# Grandma's Fave Baby Set 14.5" baby doll



## darski (Jan 25, 2012)

I have finally got this together in its PDF format


----------



## Grandma Jan (Apr 6, 2011)

Thanks so much for sharing this. It's nice and simple and looks like something I can get done for grandaughter's doll.


----------



## PointySticksNStones (Mar 20, 2012)

Wow! I love everything about it.


----------



## Leonora (Apr 22, 2011)

What a lovely little set, very nice.


----------



## Coo Coo Grandma (May 8, 2012)

I would love to do this for my daughter's sister-in-law who is expecting in June. What is the best/easiest way to increase the pattern? I am new to knitting but I have been able to increase a few baby beanie patterns that I have done.

Thanks


----------



## darski (Jan 25, 2012)

Coo Coo Grandma said:


> I would love to do this for my daughter's sister-in-law who is expecting in June. What is the best/easiest way to increase the pattern? I am new to knitting but I have been able to increase a few baby beanie patterns that I have done.
> 
> Thanks


It is mostly just a matter of more stitches to start.

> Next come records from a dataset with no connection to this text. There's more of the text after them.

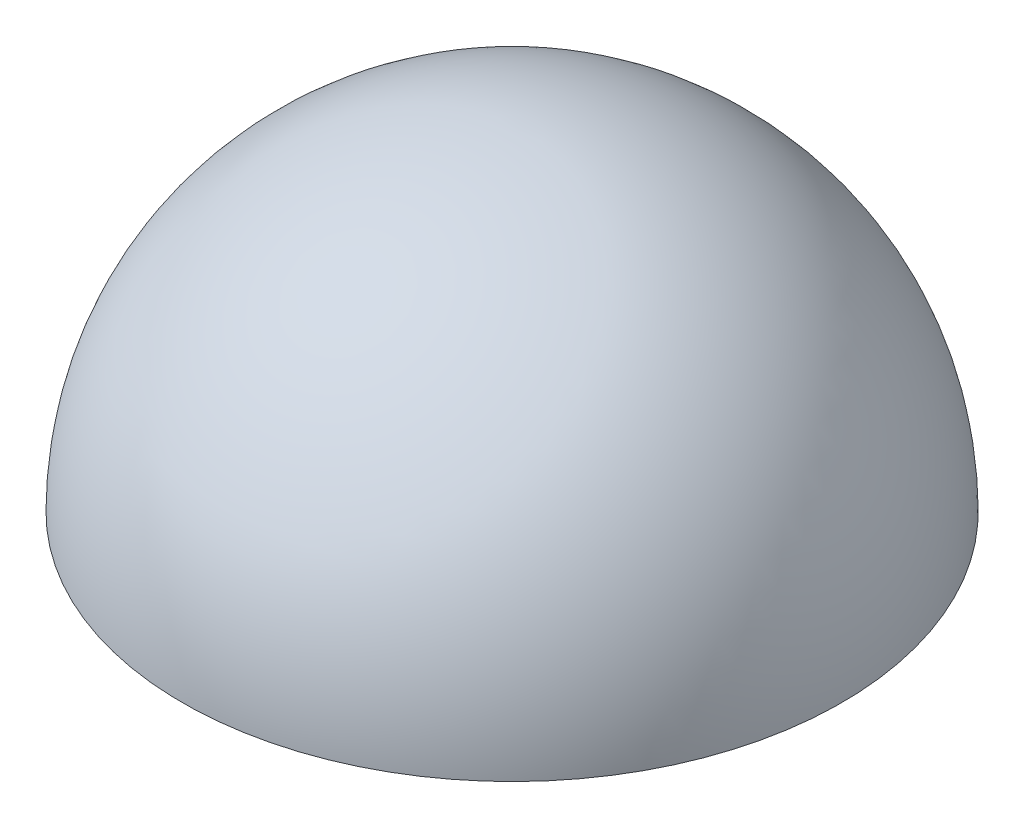
ISO-10303-21;
HEADER;
FILE_DESCRIPTION(('STEP AP214'),'2;1');
FILE_NAME('part.step','',(''),(''),'','','');
FILE_SCHEMA(('AUTOMOTIVE_DESIGN { 1 0 10303 214 1 1 1 1 }'));
ENDSEC;
DATA;
#1=APPLICATION_CONTEXT('core data for automotive mechanical design processes');
#2=APPLICATION_PROTOCOL_DEFINITION('international standard','automotive_design',2000,#1);
#3=PRODUCT_CONTEXT('',#1,'mechanical');
#4=PRODUCT('Part','Part','',(#3));
#5=PRODUCT_RELATED_PRODUCT_CATEGORY('part','',(#4));
#6=PRODUCT_DEFINITION_FORMATION('','',#4);
#7=PRODUCT_DEFINITION_CONTEXT('part definition',#1,'design');
#8=PRODUCT_DEFINITION('design','',#6,#7);
#9=PRODUCT_DEFINITION_SHAPE('','',#8);
#10=(LENGTH_UNIT() NAMED_UNIT(*) SI_UNIT(.MILLI.,.METRE.));
#11=(NAMED_UNIT(*) PLANE_ANGLE_UNIT() SI_UNIT($,.RADIAN.));
#12=(NAMED_UNIT(*) SI_UNIT($,.STERADIAN.) SOLID_ANGLE_UNIT());
#13=UNCERTAINTY_MEASURE_WITH_UNIT(LENGTH_MEASURE(1.E-05),#10,'distance_accuracy_value','');
#14=(GEOMETRIC_REPRESENTATION_CONTEXT(3) GLOBAL_UNCERTAINTY_ASSIGNED_CONTEXT((#13)) GLOBAL_UNIT_ASSIGNED_CONTEXT((#10,
#11,#12)) REPRESENTATION_CONTEXT('',''));
#15=CARTESIAN_POINT('',(0.,0.,0.));
#16=DIRECTION('',(0.,0.,1.));
#17=DIRECTION('',(1.,0.,0.));
#18=AXIS2_PLACEMENT_3D('',#15,#16,#17);
#19=CARTESIAN_POINT('',(0.,0.,0.));
#20=DIRECTION('',(-1.,0.,0.));
#21=DIRECTION('',(0.,0.,1.));
#22=AXIS2_PLACEMENT_3D('',#19,#20,#21);
#23=SPHERICAL_SURFACE('',#22,10.);
#24=CARTESIAN_POINT('',(0.,0.,0.));
#25=DIRECTION('',(0.,-1.,0.));
#26=DIRECTION('',(0.,0.,-1.));
#27=AXIS2_PLACEMENT_3D('',#24,#25,#26);
#28=SPHERICAL_SURFACE('',#27,10.);
#29=CARTESIAN_POINT('',(0.,0.,0.));
#30=DIRECTION('',(0.,-1.,0.));
#31=DIRECTION('',(0.,0.,-1.));
#32=AXIS2_PLACEMENT_3D('',#29,#30,#31);
#33=CIRCLE('',#32,10.);
#34=CARTESIAN_POINT('',(0.,0.,-10.));
#35=VERTEX_POINT('',#34);
#36=EDGE_CURVE('E10',#35,#35,#33,.T.);
#37=ORIENTED_EDGE('',*,*,#36,.F.);
#38=EDGE_LOOP('',(#37));
#39=FACE_BOUND('',#38,.T.);
#40=ADVANCED_FACE('F35',(#39),#28,.T.);
#41=CARTESIAN_POINT('',(0.,0.,0.));
#42=DIRECTION('',(0.,-1.,0.));
#43=DIRECTION('',(0.,0.,-1.));
#44=AXIS2_PLACEMENT_3D('',#41,#42,#43);
#45=PLANE('',#44);
#46=CARTESIAN_POINT('',(0.,0.,0.));
#47=DIRECTION('',(0.,-1.,0.));
#48=DIRECTION('',(0.,0.,-1.));
#49=AXIS2_PLACEMENT_3D('',#46,#47,#48);
#50=CIRCLE('',#49,4.);
#51=CARTESIAN_POINT('',(0.,0.,-4.));
#52=VERTEX_POINT('',#51);
#53=EDGE_CURVE('E45',#52,#52,#50,.T.);
#54=ORIENTED_EDGE('',*,*,#53,.F.);
#55=EDGE_LOOP('',(#54));
#56=FACE_BOUND('',#55,.T.);
#57=ORIENTED_EDGE('',*,*,#36,.T.);
#58=EDGE_LOOP('',(#57));
#59=FACE_BOUND('',#58,.T.);
#60=ADVANCED_FACE('F54',(#56,#59),#45,.T.);
#61=CARTESIAN_POINT('',(0.,5.,0.));
#62=DIRECTION('',(0.,-1.,0.));
#63=DIRECTION('',(0.,0.,-1.));
#64=AXIS2_PLACEMENT_3D('',#61,#62,#63);
#65=CYLINDRICAL_SURFACE('',#64,4.);
#66=CARTESIAN_POINT('',(0.,5.,0.));
#67=DIRECTION('',(0.,-1.,0.));
#68=DIRECTION('',(0.,0.,-1.));
#69=AXIS2_PLACEMENT_3D('',#66,#67,#68);
#70=CIRCLE('',#69,4.);
#71=CARTESIAN_POINT('',(0.,5.00000000000003,-3.99999999999997));
#72=VERTEX_POINT('',#71);
#73=EDGE_CURVE('E41',#72,#72,#70,.T.);
#74=ORIENTED_EDGE('',*,*,#73,.F.);
#75=EDGE_LOOP('',(#74));
#76=FACE_BOUND('',#75,.T.);
#77=ORIENTED_EDGE('',*,*,#53,.T.);
#78=EDGE_LOOP('',(#77));
#79=FACE_BOUND('',#78,.T.);
#80=ADVANCED_FACE('F52',(#76,#79),#65,.F.);
#81=CARTESIAN_POINT('',(0.,5.,0.));
#82=DIRECTION('',(0.,-1.,0.));
#83=DIRECTION('',(0.,0.,-1.));
#84=AXIS2_PLACEMENT_3D('',#81,#82,#83);
#85=PLANE('',#84);
#86=ORIENTED_EDGE('',*,*,#73,.T.);
#87=EDGE_LOOP('',(#86));
#88=FACE_BOUND('',#87,.T.);
#89=ADVANCED_FACE('F60',(#88),#85,.T.);
#90=CLOSED_SHELL('',(#40,#60,#80,#89));
#91=MANIFOLD_SOLID_BREP('B2',#90);
#92=ADVANCED_BREP_SHAPE_REPRESENTATION('',(#18,#91),#14);
#93=SHAPE_DEFINITION_REPRESENTATION(#9,#92);
ENDSEC;
END-ISO-10303-21;

With the blankie you just keep increasing until it is as big as you want it.

the sweater would be the trickiest as I'm not sure how many stitches it would take to fit.

I did a larger version of the the bonnet which is here


----------



## Carole Jeanne (Nov 18, 2011)

Do the math. Measure inches at chest n do sample of pattern to see what your gauge is. If doll or baby has a sweater u can measure that. 

Sweater at chest is always 2-3 in bigger than chest measurement for sz 2 toddler. 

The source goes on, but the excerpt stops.